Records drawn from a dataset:

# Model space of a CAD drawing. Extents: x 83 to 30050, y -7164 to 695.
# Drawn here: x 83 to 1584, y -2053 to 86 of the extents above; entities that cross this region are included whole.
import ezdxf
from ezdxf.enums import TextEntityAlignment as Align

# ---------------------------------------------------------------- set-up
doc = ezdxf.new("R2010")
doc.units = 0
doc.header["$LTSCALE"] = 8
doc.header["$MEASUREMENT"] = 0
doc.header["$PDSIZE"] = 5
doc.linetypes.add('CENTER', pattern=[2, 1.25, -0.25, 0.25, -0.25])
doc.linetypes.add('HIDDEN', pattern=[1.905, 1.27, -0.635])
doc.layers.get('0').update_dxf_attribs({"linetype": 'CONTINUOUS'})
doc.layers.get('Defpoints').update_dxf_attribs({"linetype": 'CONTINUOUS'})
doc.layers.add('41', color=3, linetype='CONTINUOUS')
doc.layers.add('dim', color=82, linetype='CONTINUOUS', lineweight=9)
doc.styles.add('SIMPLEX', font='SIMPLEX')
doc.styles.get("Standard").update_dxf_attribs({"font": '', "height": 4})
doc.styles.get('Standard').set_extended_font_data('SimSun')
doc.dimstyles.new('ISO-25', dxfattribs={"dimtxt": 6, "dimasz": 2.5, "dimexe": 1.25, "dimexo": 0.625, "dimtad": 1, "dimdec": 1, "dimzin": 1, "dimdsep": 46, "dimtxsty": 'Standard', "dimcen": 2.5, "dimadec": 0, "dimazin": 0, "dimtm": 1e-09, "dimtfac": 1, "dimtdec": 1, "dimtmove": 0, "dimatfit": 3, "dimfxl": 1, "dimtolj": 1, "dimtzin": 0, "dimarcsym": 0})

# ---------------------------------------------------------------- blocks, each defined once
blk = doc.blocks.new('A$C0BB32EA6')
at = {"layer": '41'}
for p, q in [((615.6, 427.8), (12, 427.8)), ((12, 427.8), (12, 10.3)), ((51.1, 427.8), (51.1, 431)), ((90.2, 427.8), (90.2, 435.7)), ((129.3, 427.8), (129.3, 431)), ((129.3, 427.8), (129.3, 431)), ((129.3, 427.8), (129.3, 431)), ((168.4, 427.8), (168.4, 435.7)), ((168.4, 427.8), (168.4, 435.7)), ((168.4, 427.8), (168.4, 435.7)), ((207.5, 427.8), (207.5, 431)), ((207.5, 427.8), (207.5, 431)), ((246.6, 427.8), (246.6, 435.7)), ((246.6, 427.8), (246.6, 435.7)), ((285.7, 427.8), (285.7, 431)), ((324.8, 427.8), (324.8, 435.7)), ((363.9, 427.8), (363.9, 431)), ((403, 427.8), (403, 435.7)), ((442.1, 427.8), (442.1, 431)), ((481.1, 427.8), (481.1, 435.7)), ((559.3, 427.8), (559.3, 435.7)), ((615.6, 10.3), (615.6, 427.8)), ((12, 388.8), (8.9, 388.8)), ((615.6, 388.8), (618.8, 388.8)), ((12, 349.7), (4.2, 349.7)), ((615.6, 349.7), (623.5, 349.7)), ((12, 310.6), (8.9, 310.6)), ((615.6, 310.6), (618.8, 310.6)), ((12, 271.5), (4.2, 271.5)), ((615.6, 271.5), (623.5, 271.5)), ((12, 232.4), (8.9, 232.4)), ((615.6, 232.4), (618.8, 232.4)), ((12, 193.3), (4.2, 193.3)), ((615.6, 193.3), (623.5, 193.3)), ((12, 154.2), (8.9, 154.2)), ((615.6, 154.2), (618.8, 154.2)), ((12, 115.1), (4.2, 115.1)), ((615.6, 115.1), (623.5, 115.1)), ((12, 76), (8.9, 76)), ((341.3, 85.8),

Exercise → For each record above, print an exact copy.

Written answer →
# Model space of a CAD drawing. Extents: x 83 to 30050, y -7164 to 695.
# Drawn here: x 83 to 1584, y -2053 to 86 of the extents above; entities that cross this region are included whole.
import ezdxf
from ezdxf.enums import TextEntityAlignment as Align

# ---------------------------------------------------------------- set-up
doc = ezdxf.new("R2010")
doc.units = 0
doc.header["$LTSCALE"] = 8
doc.header["$MEASUREMENT"] = 0
doc.header["$PDSIZE"] = 5
doc.linetypes.add('CENTER', pattern=[2, 1.25, -0.25, 0.25, -0.25])
doc.linetypes.add('HIDDEN', pattern=[1.905, 1.27, -0.635])
doc.layers.get('0').update_dxf_attribs({"linetype": 'CONTINUOUS'})
doc.layers.get('Defpoints').update_dxf_attribs({"linetype": 'CONTINUOUS'})
doc.layers.add('41', color=3, linetype='CONTINUOUS')
doc.layers.add('dim', color=82, linetype='CONTINUOUS', lineweight=9)
doc.styles.add('SIMPLEX', font='SIMPLEX')
doc.styles.get("Standard").update_dxf_attribs({"font": '', "height": 4})
doc.styles.get('Standard').set_extended_font_data('SimSun')
doc.dimstyles.new('ISO-25', dxfattribs={"dimtxt": 6, "dimasz": 2.5, "dimexe": 1.25, "dimexo": 0.625, "dimtad": 1, "dimdec": 1, "dimzin": 1, "dimdsep": 46, "dimtxsty": 'Standard', "dimcen": 2.5, "dimadec": 0, "dimazin": 0, "dimtm": 1e-09, "dimtfac": 1, "dimtdec": 1, "dimtmove": 0, "dimatfit": 3, "dimfxl": 1, "dimtolj": 1, "dimtzin": 0, "dimarcsym": 0})

# ---------------------------------------------------------------- blocks, each defined once
blk = doc.blocks.new('A$C0BB32EA6')
at = {"layer": '41'}
for p, q in [((615.6, 427.8), (12, 427.8)), ((12, 427.8), (12, 10.3)), ((51.1, 427.8), (51.1, 431)), ((90.2, 427.8), (90.2, 435.7)), ((129.3, 427.8), (129.3, 431)), ((129.3, 427.8), (129.3, 431)), ((129.3, 427.8), (129.3, 431)), ((168.4, 427.8), (168.4, 435.7)), ((168.4, 427.8), (168.4, 435.7)), ((168.4, 427.8), (168.4, 435.7)), ((207.5, 427.8), (207.5, 431)), ((207.5, 427.8), (207.5, 431)), ((246.6, 427.8), (246.6, 435.7)), ((246.6, 427.8), (246.6, 435.7)), ((285.7, 427.8), (285.7, 431)), ((324.8, 427.8), (324.8, 435.7)), ((363.9, 427.8), (363.9, 431)), ((403, 427.8), (403, 435.7)), ((442.1, 427.8), (442.1, 431)), ((481.1, 427.8), (481.1, 435.7)), ((559.3, 427.8), (559.3, 435.7)), ((615.6, 10.3), (615.6, 427.8)), ((12, 388.8), (8.9, 388.8)), ((615.6, 388.8), (618.8, 388.8)), ((12, 349.7), (4.2, 349.7)), ((615.6, 349.7), (623.5, 349.7)), ((12, 310.6), (8.9, 310.6)), ((615.6, 310.6), (618.8, 310.6)), ((12, 271.5), (4.2, 271.5)), ((615.6, 271.5), (623.5, 271.5)), ((12, 232.4), (8.9, 232.4)), ((615.6, 232.4), (618.8, 232.4)), ((12, 193.3), (4.2, 193.3)), ((615.6, 193.3), (623.5, 193.3)), ((12, 154.2), (8.9, 154.2)), ((615.6, 154.2), (618.8, 154.2)), ((12, 115.1), (4.2, 115.1)), ((615.6, 115.1), (623.5, 115.1)), ((12, 76), (8.9, 76)), ((341.3, 85.8),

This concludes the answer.